Please start any new threads on our new site at https://forums.sqlteam.com. We've got lots of great SQL Server experts to answer whatever question you can come up with.

 All Forums
 SQL Server 2005 Forums
 Transact-SQL (2005)
 Help improve my ugly query

Author  Topic 

grantm
Starting Member

2 Posts

Posted - 2007-10-13 : 10:26:39
Hi,

I have the following query which i'm certain there's a better way of doing.
Any suggestions would be greatly appreciated.
This query has grown as more functionality was needed from the system.

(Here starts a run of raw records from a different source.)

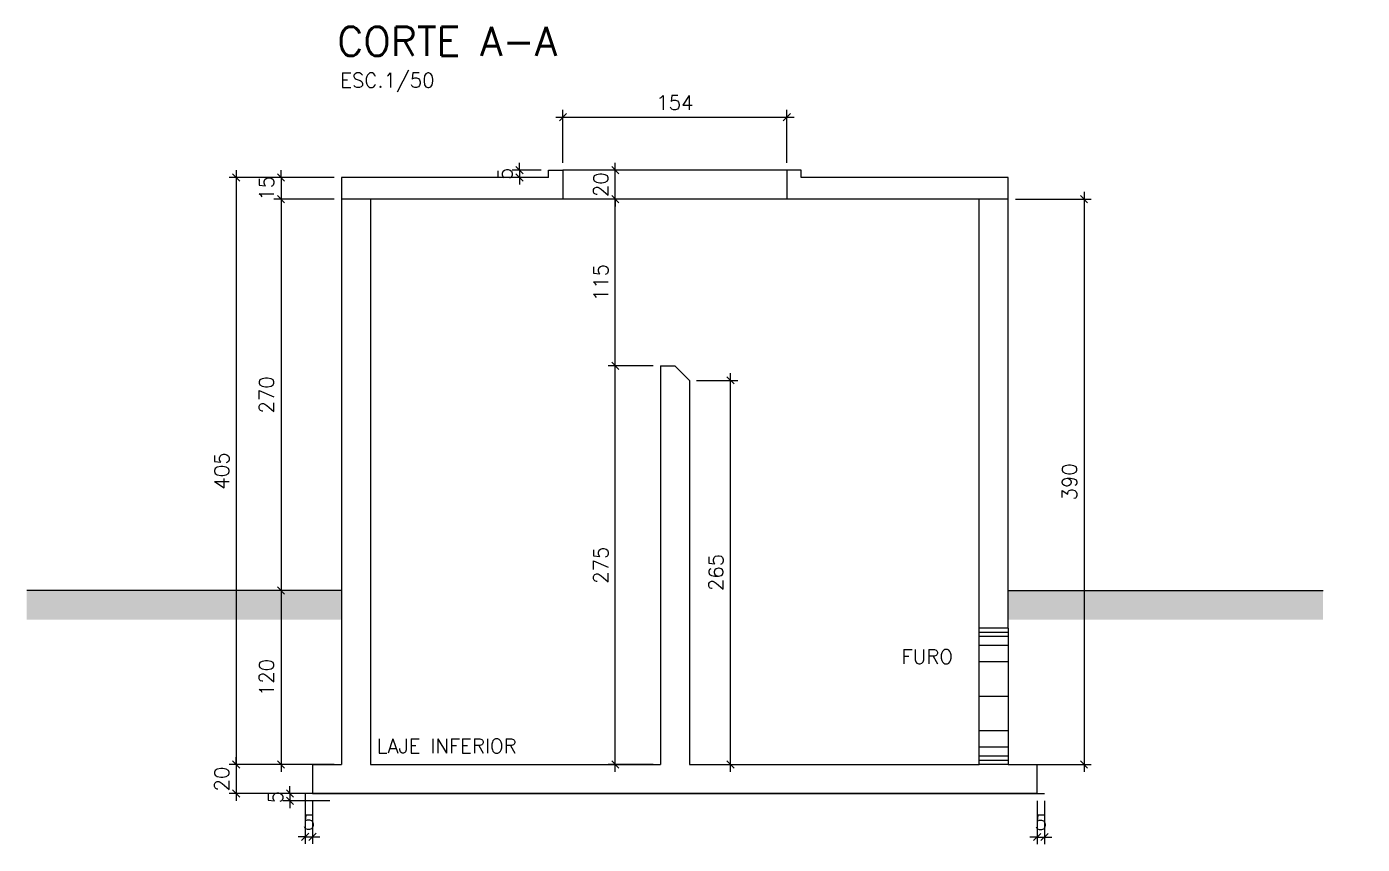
# Model space of a CAD drawing. Header units: inches. Extents: x 204712 to 217368, y 8428740 to 8432917.
# Drawn here: x 207433 to 208355, y 8431010 to 8431574 of the extents above; entities that cross this region are included whole.
import ezdxf

# ---------------------------------------------------------------- set-up
doc = ezdxf.new("R2010")
doc.units = ezdxf.units.IN
doc.header["$LTSCALE"] = 10
doc.header["$MEASUREMENT"] = 0
doc.linetypes.add('DASHDOT', pattern=[1, 0.5, -0.25, 0, -0.25])
for name, color, linetype in [('01', 1, 'Continuous'), ('02', 2, 'Continuous'), ('05', 5, 'Continuous'), ('1', 1, 'Continuous'), ('3', 3, 'Continuous'), ('4', 4, 'Continuous'), ('ARQ-PAREDE-G', 4, 'Continuous'), ('BAR-EIXOS', 80, 'DASHDOT'), ('LAYER1', 1, 'Continuous'), ('LAYER5', 5, 'Continuous'), ('Layer8', 8, 'Continuous')]:
    doc.layers.add(name, color=color, linetype=linetype)
doc.styles.add('ROMANS', font='romans')
doc.styles.add('STYLE-ROMANS', font='romans.shx')
doc.dimstyles.new('1-50', dxfattribs={"dimtxt": 10, "dimasz": 5, "dimexe": 5, "dimexo": 5, "dimgap": 5, "dimtad": 1, "dimdec": 0, "dimzin": 12, "dimdsep": 46, "dimtxsty": 'STYLE-ROMANS', "dimblk1": 'OBLIQUE', "dimblk2": 'OBLIQUE', "dimsah": 1, "dimcen": 0, "dimdle": 5, "dimclrd": 1, "dimclre": 1, "dimclrt": 3, "dimadec": 1, "dimazin": 3, "dimtfac": 1, "dimtdec": 0, "dimtix": 1, "dimtmove": 1, "dimatfit": 3, "dimldrblk": 'OPEN30', "dimfxl": 0, "dimtolj": 1, "dimtzin": 0, "dimarcsym": 0})

# ---------------------------------------------------------------- blocks, each defined once
blk = doc.blocks.new('_Oblique')
at = {"layer": 'BAR-EIXOS', "color": 0, "lineweight": -2}
blk.add_line((-0.5, -0.5), (0.5, 0.5), dxfattribs=at)
blk = doc.blocks.new('*D29')
at = {"layer": 'Defpoints', "color": 0}
for p in [(207652.49, 8431045.36), (207614.99, 8431040.36), (207647.49, 8431040.36)]:
    blk.add_point(p, dxfattribs=at)
at = {"layer": 'LAYER1', "color": 1, "lineweight": -2}
for p, q in [((207647.49, 8431045.36), (207609.99, 8431045.36)), ((207614.99, 8431045.36), (207614.99, 8431050.36)), ((207614.99, 8431045.36), (207614.99, 8431040.36)), ((207642.49, 8431040.36), (207609.99, 8431040.36)), ((207614.99, 8431040.36), (207614.99, 8431035.36))]:
    blk.add_line(p, q, dxfattribs=at)
at = {"layer": 'LAYER1', "color": 1, "lineweight": -2, "xscale": 5, "yscale": 5, "zscale": 5}
for p, rotation in [((207614.99, 8431045.36), 270), ((207614.99, 8431040.36), 90)]:
    blk.add_blockref('_Oblique', p, dxfattribs=dict(at, rotation=rotation))
at = {"layer": 'LAYER1', "color": 3, "insert": (207604.99, 8431042.86), "char_height": 10, "attachment_point": 5, "rotation": 90, "style": 'ROMANS'}
blk.add_mtext('\\A1;5', dxfattribs=at)
blk = doc.blocks.new('_Open30')
at = {"layer": 'Layer8', "color": 0, "lineweight": -2}
for p, q in [((-1, 0.27), (0, 0)), ((0, 0), (-1, -0.27)), ((0, 0), (-1, 0))]:
    blk.add_line(p, q, dxfattribs=at)
blk = doc.blocks.new('*D30')
at = {"layer": 'Defpoints', "color": 0}
for p in [(207625.55, 8431045.36), (207630.55, 8431045.36), (207630.55, 8431015.57)]:
    blk.add_point(p, dxfattribs=at)
at = {"layer": 'LAYER1', "color": 1, "lineweight": -2}
for p, q in [((207625.55, 8431040.36), (207625.55, 8431010.57)), ((207630.55, 8431040.36), (207630.55, 8431010.57)), ((207625.55, 8431015.57), (207620.55, 8431015.57)), ((207625.55, 8431015.57), (207630.55, 8431015.57)), ((207630.55, 8431015.57), (207635.55, 8431015.57))]:
    blk.add_line(p, q, dxfattribs=at)
at = {"layer": 'LAYER1', "color": 1, "lineweight": -2, "xscale": 5, "yscale": 5, "zscale": 5}
blk.add_blockref('_Oblique', (207625.55, 8431015.57), dxfattribs=at)
at = {"layer": 'LAYER1', "color": 1, "lineweight": -2, "xscale": 5, "yscale": 5, "zscale": 5, "rotation": 180}
blk.add_blockref('_Oblique', (207630.55, 8431015.57), dxfattribs=at)
at = {"layer": 'LAYER1', "color": 3, "insert": (207628.05, 8431025.57), "char_height": 10, "attachment_point": 5, "style": 'ROMANS'}
blk.add_mtext('\\A1;5', dxfattribs=at)
blk = doc.blocks.new('*D31')
at = {"layer": 'Defpoints', "color": 0}
for p in [(208130.55, 8431045.31), (208135.55, 8431045.36), (208135.55, 8431015.37)]:
    blk.add_point(p, dxfattribs=at)
at = {"layer": 'LAYER1', "color": 1, "lineweight": -2}
for p, q in [((208130.55, 8431040.31), (208130.55, 8431010.37)), ((208135.55, 8431040.36), (208135.55, 8431010.37)), ((208130.55, 8431015.37), (208125.55, 8431015.37)), ((208130.55, 8431015.37), (208135.55, 8431015.37)), ((208135.55, 8431015.37), (208140.55, 8431015.37))]:
    blk.add_line(p, q, dxfattribs=at)
at = {"layer": 'LAYER1', "color": 1, "lineweight": -2, "xscale": 5, "yscale": 5, "zscale": 5}
blk.add_blockref('_Oblique', (208130.55, 8431015.37), dxfattribs=at)
at = {"layer": 'LAYER1', "color": 1, "lineweight": -2, "xscale": 5, "yscale": 5, "zscale": 5, "rotation": 180}
blk.add_blockref('_Oblique', (208135.55, 8431015.37), dxfattribs=at)
at = {"layer": 'LAYER1', "color": 3, "insert": (208133.05, 8431025.37), "char_height": 10, "attachment_point": 5, "style": 'ROMANS'}
blk.add_mtext('\\A1;5', dxfattribs=at)
blk = doc.blocks.new('*D49')
at = {"layer": '05', "color": 1, "lineweight": -2}
for p, q in [((207788.34, 8431475.36), (207768.31, 8431475.36)), ((207773.31, 8431475.36), (207773.31, 8431480.36)), ((207773.31, 8431475.36), (207773.31, 8431470.36)), ((207788.34, 8431470.36), (207768.31, 8431470.36)), ((207773.31, 8431470.36), (207773.31, 8431465.36))]:
    blk.add_line(p, q, dxfattribs=at)
at = {"layer": 'Defpoints', "color": 0}
for p in [(207793.34, 8431475.36, -124148.93), (207773.31, 8431470.36), (207793.34, 8431470.36, -124148.93)]:
    blk.add_point(p, dxfattribs=at)
at = {"layer": '05', "color": 1, "lineweight": -2, "xscale": 5, "yscale": 5, "zscale": 5}
for p, rotation in [((207773.31, 8431475.36), 270), ((207773.31, 8431470.36), 90)]:
    blk.add_blockref('_Oblique', p, dxfattribs=dict(at, rotation=rotation))
at = {"layer": '05', "color": 3, "insert": (207763.31, 8431472.86), "char_height": 10, "attachment_point": 5, "rotation": 90, "style": 'ROMANS'}
blk.add_mtext('\\A1;5', dxfattribs=at)
blk = doc.blocks.new('*D32')
at = {"layer": '05', "color": 1, "lineweight": -2}
for p, q in [((207608.81, 8431470.36), (207608.81, 8431475.36)), ((207623.81, 8431470.36), (207603.81, 8431470.36)), ((207608.81, 8431470.36), (207608.81, 8431455.36)), ((207623.81, 8431455.36), (207603.81, 8431455.36)), ((207608.81, 8431455.36), (207608.81, 8431450.36))]:
    blk.add_line(p, q, dxfattribs=at)
at = {"layer": 'Defpoints', "color": 0}
for p in [(207628.81, 8431470.36, -124148.93), (207608.81, 8431455.36), (207628.81, 8431455.36, -124148.93)]:
    blk.add_point(p, dxfattribs=at)
at = {"layer": '05', "color": 1, "lineweight": -2, "xscale": 5, "yscale": 5, "zscale": 5}
for p, rotation in [((207608.81, 8431470.36), 270), ((207608.81, 8431455.36), 90)]:
    blk.add_blockref('_Oblique', p, dxfattribs=dict(at, rotation=rotation))
at = {"layer": '05', "color": 3, "insert": (207598.81, 8431462.86), "char_height": 10, "attachment_point": 5, "rotation": 90, "style": 'ROMANS'}
blk.add_mtext('\\A1;15', dxfattribs=at)
blk = doc.blocks.new('*D50')
at = {"layer": '05', "color": 1, "lineweight": -2}
for p, q in [((207577.95, 8431065.36), (207577.95, 8431070.36)), ((207625.55, 8431065.36), (207572.95, 8431065.36)), ((207577.95, 8431065.36), (207577.95, 8431045.36)), ((207625.55, 8431045.36), (207572.95, 8431045.36)), ((207577.95, 8431045.36), (207577.95, 8431040.36))]:
    blk.add_line(p, q, dxfattribs=at)
at = {"layer": 'Defpoints', "color": 0}
for p in [(207630.55, 8431065.36, -124148.93), (207577.95, 8431045.36), (207630.55, 8431045.36, 0.8)]:
    blk.add_point(p, dxfattribs=at)
at = {"layer": '05', "color": 1, "lineweight": -2, "xscale": 5, "yscale": 5, "zscale": 5}
for p, rotation in [((207577.95, 8431065.36), 270), ((207577.95, 8431045.36), 90)]:
    blk.add_blockref('_Oblique', p, dxfattribs=dict(at, rotation=rotation))
at = {"layer": '05', "color": 3, "insert": (207567.95, 8431055.36), "char_height": 10, "attachment_point": 5, "rotation": 90, "style": 'ROMANS'}
blk.add_mtext('\\A1;20', dxfattribs=at)
blk = doc.blocks.new('*D55')
at = {"layer": '1', "color": 1, "lineweight": -2}
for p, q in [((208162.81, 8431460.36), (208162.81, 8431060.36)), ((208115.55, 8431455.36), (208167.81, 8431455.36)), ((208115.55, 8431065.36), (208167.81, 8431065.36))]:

What this query does, is allow me to filter my table for 2 fields.
If i specify type 0, all records are returned. If i specify type 1, all records of type 1 are returned.
The same logic is then nested inside if I specify a platform as 0 or a value.


IF(@Type = 0)
BEGIN
IF(@Platform = 0)
BEGIN
SELECT * FROM Tournament T WHERE T.IsActive = 1
END
ELSE
BEGIN
SELECT * FROM Tournament T WHERE T.IsActive = 1 AND T.Platform = @Platform
END
END
ELSE
BEGIN
IF(@Platform = 0)
BEGIN
SELECT * FROM Tournament T WHERE T.IsActive = 1 AND T.Type = @Type
END
ELSE
BEGIN
SELECT * FROM Tournament T WHERE T.IsActive = 1 AND T.Type = @Type AND T.Platform = @Platform
END
END


Idealy i'd like to build this query up in a manner like follows:


SELECT * FROM TOurnament T WHERE T.IsActive = 1
if(@Platform <> 0)
BEGIN
AND T.Platform = @Platform
END
if(@Type <> 0)
BEGIN
AND T.Type = @Type
END


Is this possible?
Or is there an alternative way i should be setting this up?

khtan
In (Som, Ni, Yak)

17689 Posts

Posted - 2007-10-13 : 10:30:02
[code]SELECT *
FROM Tournament T
WHERE (
@Platform = 0
OR T.Platform = @Platform
)
AND (
@Type = 0
OR T.Type = @Type
)[/code]


KH
[spoiler]Time is always against us[/spoiler]

Go to Top of Page

Kristen
Test

22859 Posts

Posted - 2007-10-13 : 10:32:40
might be some issues relating to performance to consider, but if you have a small database you won't notice them!

Kristen
Go to Top of Page

SwePeso
Patron Saint of Lost Yaks

30421 Posts

Posted - 2007-10-13 : 13:11:20
quote:
Originally posted by khtan

SELECT * 
FROM Tournament T
WHERE (
@Platform = 0
OR T.Platform = @Platform
)
AND (
@Type = 0
OR T.Type = @Type
)
AND T.IsActive = 1



KH
[spoiler]Time is always against us[/spoiler]






E 12°55'05.25"
N 56°04'39.16"
Go to Top of Page

evilDBA
Posting Yak Master

155 Posts

Posted - 2007-10-13 : 16:35:04
Wait, wait, wait! Dont change you query
Yes, it looks stupid for the programmers who come from C++ or C#. Like copy/paste programming. Almost the same query is repeated with some variations multiple times

So people tend to 'merge' different queries into the same one using ORs

DONT DO THAT!

There queries, even they look similar on the syntax level, might have absolutely different execution plans (for ex, the one based on a column=@value can use index while another can use a full table scan). So they must be kept differently in you stored proc as different cases!
Go to Top of Page

Kristen
Test

22859 Posts

Posted - 2007-10-14 : 00:54:51
Not sure that will do it as the query plan will be based on the first execution of the SProc, and whatever parameter is provided.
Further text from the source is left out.